Interview by Nadia Duncan

Q) In addition to the foreword by HRH The Princess Royal, the book contains interviews with many female sporting legends including Dame Kelly Holmes, Dame Jessica Ennis-Hill, Sally Gunnell, Paula Radcliffe… the list is long. Which particular aspects of their careers and memories did you ask them to share with the reader?

We chose to name the book Passing the Torchas it is not only the symbol for the Mary Peters Trust, but also because I was privileged to be invited to pass on the Olympic Torch to the next generation of young athletes in London in 2012, and that’s what I’m still trying to do with these inspirational stories from wonderful women I admire. I asked them questions such as; ‘How did you get involved in sport?’; ‘Who was your inspiration?’; ‘What results did you have?’ and also if they have any funny anecdotes or special memories along the way. Dame Kelly Holmes reveals that as a shy young girl sport made her feel good about herself at school and Maria Costello, MBE, said that racing opened so many unexpected doors in her life, including being a rider double for Reese Witherspoon in a movie and becoming a published author! Along with the highlights, all of us have had a few embarrassing moments we would rather forget about along the way too. One story that really made me giggle was from Ann Packer who won a gold medal and a silver medal at the 1964 Summer Tokyo Olympics. Thinking she would look better on the track with a bit of a tan (fake tan was just starting to become available around then) she decided to put some on the night before her competition but woke up the next morning resembling a brown and white stripped beach towel. She confessed that she was so mortified she ran the fastest time of her life just to get off the track and out of sight! And Paula Radcliffe had a marriage proposal at mile 17 of the Chicago Marathon –she didn’t accept of course.

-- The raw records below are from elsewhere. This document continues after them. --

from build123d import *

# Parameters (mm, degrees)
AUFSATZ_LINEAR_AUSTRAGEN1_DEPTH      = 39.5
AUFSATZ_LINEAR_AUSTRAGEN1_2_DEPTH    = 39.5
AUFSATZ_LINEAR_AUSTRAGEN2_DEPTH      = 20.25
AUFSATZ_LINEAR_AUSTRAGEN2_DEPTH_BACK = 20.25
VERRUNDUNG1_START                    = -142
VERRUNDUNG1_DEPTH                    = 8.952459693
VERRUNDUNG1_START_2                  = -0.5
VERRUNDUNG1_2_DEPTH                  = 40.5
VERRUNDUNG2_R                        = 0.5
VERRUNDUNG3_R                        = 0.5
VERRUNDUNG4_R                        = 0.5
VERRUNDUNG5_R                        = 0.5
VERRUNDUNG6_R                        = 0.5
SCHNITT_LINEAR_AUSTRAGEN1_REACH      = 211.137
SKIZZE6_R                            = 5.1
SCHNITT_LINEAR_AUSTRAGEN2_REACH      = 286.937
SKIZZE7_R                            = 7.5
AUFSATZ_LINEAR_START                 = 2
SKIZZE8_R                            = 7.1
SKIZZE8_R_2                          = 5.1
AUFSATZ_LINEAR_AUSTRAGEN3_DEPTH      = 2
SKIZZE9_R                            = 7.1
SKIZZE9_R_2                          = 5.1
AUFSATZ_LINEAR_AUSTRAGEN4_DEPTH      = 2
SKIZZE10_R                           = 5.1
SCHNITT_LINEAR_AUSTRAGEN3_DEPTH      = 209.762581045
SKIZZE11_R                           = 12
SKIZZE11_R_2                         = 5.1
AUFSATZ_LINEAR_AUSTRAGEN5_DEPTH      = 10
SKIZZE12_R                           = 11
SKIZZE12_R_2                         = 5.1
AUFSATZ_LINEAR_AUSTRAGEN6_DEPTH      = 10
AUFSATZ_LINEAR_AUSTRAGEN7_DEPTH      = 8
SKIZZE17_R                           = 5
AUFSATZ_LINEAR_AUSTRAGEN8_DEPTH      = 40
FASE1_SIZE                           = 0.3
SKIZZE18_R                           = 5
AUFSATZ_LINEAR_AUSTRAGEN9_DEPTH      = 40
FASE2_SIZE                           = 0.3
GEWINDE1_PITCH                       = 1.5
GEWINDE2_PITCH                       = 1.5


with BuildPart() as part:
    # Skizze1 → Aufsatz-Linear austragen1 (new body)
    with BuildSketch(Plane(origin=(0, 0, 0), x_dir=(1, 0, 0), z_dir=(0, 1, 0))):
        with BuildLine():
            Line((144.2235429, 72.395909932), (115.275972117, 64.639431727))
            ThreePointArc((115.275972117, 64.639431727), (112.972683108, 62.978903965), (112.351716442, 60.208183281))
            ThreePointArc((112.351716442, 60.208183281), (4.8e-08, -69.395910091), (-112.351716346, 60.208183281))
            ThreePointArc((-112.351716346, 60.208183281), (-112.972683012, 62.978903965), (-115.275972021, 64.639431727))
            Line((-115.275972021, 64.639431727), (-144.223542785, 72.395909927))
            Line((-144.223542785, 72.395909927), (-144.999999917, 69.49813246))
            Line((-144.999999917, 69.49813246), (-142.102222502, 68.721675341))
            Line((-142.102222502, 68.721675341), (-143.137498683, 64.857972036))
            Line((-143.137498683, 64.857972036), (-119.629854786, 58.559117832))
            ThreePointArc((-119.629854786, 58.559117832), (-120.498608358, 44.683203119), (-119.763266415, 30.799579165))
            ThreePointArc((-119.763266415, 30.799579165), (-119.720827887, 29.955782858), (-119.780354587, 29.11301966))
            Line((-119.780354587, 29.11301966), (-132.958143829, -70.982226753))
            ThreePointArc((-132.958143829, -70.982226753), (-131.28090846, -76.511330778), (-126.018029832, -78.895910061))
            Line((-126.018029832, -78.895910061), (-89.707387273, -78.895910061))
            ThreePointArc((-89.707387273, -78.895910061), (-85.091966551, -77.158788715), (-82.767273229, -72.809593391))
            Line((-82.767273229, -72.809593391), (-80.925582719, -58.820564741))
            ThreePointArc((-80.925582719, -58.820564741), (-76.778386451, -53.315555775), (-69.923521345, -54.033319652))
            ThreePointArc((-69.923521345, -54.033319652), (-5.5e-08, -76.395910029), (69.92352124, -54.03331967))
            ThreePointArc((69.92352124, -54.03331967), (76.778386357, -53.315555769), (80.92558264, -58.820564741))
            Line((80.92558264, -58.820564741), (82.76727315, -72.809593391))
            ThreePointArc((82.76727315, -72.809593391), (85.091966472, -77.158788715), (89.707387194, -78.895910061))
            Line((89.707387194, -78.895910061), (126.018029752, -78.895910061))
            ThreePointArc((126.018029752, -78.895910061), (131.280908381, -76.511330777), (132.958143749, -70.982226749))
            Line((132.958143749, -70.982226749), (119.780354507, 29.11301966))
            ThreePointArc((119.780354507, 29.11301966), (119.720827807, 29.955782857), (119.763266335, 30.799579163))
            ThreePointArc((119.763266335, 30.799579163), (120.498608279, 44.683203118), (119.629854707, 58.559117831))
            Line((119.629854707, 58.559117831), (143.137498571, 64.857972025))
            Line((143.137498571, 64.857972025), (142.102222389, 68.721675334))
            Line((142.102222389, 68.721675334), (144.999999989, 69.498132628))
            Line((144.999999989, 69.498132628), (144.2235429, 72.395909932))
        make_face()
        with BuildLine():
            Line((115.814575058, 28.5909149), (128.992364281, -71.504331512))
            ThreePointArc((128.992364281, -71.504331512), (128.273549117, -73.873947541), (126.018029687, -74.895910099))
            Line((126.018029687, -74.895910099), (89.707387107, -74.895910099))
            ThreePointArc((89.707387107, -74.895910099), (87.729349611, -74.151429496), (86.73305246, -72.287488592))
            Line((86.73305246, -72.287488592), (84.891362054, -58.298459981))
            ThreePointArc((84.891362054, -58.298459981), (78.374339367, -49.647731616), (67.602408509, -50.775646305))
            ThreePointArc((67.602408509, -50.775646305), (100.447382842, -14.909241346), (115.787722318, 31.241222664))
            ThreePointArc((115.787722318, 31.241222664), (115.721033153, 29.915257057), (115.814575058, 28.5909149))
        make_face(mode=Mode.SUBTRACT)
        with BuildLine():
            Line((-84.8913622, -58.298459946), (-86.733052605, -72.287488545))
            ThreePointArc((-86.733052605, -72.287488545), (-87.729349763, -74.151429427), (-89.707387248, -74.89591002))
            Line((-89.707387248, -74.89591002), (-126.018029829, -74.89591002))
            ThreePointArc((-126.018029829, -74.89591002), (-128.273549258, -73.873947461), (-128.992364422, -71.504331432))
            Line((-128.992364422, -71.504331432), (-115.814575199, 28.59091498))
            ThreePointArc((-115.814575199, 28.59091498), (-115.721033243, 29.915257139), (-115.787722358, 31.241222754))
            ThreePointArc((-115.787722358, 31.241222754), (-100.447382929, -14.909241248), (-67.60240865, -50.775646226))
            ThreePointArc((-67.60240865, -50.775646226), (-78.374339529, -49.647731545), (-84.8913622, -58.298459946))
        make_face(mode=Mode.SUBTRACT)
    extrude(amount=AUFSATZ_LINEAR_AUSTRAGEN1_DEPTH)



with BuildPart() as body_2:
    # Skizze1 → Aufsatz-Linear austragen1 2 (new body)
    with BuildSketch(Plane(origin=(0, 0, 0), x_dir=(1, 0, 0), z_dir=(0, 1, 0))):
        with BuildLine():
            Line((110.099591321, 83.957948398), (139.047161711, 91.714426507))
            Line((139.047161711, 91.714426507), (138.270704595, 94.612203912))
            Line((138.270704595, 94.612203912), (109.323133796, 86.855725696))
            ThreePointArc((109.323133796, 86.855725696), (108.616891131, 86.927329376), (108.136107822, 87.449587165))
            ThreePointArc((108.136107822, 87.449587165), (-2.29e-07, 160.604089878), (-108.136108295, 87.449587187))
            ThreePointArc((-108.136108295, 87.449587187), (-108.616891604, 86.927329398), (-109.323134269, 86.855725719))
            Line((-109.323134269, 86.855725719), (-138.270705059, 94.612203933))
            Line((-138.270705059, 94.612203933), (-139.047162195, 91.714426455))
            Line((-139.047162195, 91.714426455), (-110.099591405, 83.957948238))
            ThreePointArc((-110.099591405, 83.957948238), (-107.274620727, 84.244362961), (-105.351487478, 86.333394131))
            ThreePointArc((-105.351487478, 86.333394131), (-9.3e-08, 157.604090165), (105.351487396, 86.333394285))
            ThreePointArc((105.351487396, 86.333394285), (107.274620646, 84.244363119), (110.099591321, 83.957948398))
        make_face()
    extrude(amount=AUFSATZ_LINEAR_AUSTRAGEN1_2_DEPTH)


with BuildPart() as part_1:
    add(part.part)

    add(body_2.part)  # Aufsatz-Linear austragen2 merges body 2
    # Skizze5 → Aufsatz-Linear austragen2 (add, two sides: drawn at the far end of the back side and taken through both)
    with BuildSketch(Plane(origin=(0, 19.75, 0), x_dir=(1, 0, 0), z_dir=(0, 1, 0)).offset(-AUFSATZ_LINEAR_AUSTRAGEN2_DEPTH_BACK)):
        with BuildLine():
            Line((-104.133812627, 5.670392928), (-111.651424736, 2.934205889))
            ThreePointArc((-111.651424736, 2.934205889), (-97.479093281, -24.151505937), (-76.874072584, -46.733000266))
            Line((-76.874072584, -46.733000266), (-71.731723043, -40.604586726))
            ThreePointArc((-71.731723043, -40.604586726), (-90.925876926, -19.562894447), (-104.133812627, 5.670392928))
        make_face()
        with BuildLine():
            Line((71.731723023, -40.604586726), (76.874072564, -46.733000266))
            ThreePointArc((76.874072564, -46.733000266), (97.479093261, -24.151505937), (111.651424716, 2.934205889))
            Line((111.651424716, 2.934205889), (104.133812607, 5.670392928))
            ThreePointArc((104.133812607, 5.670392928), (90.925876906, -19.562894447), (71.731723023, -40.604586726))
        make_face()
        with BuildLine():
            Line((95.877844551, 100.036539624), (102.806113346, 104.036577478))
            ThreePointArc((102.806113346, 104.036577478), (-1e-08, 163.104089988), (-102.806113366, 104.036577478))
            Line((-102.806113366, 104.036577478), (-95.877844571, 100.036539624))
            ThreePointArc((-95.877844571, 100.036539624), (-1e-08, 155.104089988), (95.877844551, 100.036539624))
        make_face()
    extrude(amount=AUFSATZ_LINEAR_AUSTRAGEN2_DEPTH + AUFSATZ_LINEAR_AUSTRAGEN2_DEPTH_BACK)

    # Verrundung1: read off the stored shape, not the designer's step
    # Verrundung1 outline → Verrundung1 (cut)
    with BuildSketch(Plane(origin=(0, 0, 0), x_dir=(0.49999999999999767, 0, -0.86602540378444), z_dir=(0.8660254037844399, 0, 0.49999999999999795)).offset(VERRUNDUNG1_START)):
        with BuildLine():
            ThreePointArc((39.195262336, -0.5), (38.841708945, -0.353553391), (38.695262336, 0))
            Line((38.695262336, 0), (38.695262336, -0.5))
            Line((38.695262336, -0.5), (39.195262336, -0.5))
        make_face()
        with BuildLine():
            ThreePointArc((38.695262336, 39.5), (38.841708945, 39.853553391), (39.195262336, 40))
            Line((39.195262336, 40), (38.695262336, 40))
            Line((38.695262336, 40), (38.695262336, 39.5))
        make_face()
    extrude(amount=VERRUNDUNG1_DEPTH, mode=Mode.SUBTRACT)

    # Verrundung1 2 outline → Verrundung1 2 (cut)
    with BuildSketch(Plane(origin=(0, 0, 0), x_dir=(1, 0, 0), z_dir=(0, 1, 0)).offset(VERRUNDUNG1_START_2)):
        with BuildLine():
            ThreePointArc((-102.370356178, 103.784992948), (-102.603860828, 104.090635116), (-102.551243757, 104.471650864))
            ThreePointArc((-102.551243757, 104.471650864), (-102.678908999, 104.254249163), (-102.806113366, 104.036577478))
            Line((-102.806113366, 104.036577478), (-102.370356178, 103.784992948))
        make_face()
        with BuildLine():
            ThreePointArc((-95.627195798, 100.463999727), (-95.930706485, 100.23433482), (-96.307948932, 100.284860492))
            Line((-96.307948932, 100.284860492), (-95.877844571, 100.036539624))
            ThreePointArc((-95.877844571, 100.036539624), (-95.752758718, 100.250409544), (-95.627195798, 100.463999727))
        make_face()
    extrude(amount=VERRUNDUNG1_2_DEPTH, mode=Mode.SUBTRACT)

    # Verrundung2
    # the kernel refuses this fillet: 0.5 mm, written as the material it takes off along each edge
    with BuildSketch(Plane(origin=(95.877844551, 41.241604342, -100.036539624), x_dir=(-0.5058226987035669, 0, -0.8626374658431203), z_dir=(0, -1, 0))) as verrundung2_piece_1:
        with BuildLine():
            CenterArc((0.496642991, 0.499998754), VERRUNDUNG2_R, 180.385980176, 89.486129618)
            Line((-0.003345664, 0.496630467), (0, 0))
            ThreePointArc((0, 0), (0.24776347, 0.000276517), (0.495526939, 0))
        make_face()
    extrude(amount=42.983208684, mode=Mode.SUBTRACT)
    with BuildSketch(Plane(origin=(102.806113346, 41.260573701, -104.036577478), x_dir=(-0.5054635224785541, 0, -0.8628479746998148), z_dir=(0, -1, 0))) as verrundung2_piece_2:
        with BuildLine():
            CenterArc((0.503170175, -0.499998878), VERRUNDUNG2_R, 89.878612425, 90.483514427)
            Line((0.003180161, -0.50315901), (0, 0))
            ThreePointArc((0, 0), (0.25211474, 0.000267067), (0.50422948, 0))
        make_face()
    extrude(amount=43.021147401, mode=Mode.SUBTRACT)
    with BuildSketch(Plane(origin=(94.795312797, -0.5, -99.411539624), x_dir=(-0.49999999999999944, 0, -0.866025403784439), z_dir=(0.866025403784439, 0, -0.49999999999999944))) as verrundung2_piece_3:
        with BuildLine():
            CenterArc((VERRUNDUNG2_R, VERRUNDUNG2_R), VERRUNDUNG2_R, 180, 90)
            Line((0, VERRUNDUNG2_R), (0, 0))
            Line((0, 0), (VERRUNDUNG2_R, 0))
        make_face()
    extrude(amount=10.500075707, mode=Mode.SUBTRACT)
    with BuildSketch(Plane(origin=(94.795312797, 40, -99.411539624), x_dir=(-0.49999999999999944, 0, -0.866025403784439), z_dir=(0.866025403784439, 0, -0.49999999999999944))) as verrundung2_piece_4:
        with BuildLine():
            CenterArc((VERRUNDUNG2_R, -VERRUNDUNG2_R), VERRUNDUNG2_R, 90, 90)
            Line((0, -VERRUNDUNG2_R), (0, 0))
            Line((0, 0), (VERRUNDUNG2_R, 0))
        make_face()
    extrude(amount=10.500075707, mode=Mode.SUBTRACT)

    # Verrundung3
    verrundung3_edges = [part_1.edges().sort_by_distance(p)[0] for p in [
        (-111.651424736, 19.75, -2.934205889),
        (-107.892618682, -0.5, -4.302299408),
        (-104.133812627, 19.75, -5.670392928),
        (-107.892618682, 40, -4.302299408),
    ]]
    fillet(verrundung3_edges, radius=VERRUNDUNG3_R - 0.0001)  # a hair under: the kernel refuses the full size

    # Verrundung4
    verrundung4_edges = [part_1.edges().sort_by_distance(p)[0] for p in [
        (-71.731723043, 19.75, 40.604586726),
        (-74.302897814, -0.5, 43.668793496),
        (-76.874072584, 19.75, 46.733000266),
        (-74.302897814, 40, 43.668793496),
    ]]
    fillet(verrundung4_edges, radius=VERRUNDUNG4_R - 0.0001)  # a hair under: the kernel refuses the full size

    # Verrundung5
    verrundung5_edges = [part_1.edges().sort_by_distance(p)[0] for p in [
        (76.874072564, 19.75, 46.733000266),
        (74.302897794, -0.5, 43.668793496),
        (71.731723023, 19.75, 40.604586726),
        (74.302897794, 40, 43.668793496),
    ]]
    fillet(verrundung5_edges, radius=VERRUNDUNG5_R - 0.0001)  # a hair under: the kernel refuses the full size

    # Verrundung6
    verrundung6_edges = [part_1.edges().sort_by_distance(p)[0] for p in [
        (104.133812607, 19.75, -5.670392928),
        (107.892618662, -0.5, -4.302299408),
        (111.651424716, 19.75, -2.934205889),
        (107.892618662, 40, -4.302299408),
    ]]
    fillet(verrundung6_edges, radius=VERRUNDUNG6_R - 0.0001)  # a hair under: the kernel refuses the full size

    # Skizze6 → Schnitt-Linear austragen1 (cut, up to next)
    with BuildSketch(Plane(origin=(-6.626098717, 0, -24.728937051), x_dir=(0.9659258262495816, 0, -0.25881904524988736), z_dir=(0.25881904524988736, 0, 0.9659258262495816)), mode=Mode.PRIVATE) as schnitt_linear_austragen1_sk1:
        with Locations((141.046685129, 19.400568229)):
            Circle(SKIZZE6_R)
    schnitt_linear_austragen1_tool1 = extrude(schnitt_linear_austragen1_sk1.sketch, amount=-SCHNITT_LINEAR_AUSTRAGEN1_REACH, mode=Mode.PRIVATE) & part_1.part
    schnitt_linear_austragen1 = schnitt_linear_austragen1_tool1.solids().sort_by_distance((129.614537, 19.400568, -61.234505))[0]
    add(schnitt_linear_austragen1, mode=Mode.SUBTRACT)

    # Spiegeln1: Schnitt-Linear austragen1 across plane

“Dame Kelly Holmes reveals that as a shy young girl sport made her feel good about herself at school.”

Q) One thing that you also all have in common is that, in any discipline, success requires a huge amount of dedication and that remains the same for young people today. What are your memories of the journey to becoming an Olympic Champion?

It certainly wasn’t easy. I worked full time and didn’t have a running track to train on because the track that is now the Mary Peters Track was owned then by Queens University and was full of potholes. For the 1972 Summer Olympics I actually did most of my training indoors in the Queen’s University gym where I would practise hurdling, shot putt, weight training and high jump. After I won the gold medal in Munich I was asked what I would most like to commemorate my success and the answer was easy –a decent track. I spent the next three years campaigning to fundraise the money to build it but it was worth it.

Q) Holding your nerve and never giving up are also common requirements to become a gold medal winner and for you in Munich it came down to the very last race. How did you feel once you knew you had achieved what must have seemed at the time the impossible?

It’s was just simply an amazing but also a strange time. I was 33, which is quite mature for a female athlete and I was competing against a local German athlete who obviously had the full support of the home crowd of spectators so yes, it did feel like a huge achievement. In Northern Ireland the Troubles were at their height and had had claimed the lives of hundreds of people that year. At first my family and friends were very concerned about me coming back to Belfast as I had received threats to my life, but I was determined and when I did I received the greatest welcome home. People still say to me now all these years later that they remember where they were on that day and it’s wonderful to have those very special memories.

“It’s been a wonderful life for me and I want all children to realise the amazing opportunities that come with sport.”

Q) Northern Ireland certainly punches above its weight when it comes to talent, but are we doing enough to ensure that those who have the ambition also have the support they need to compete with the best in the world?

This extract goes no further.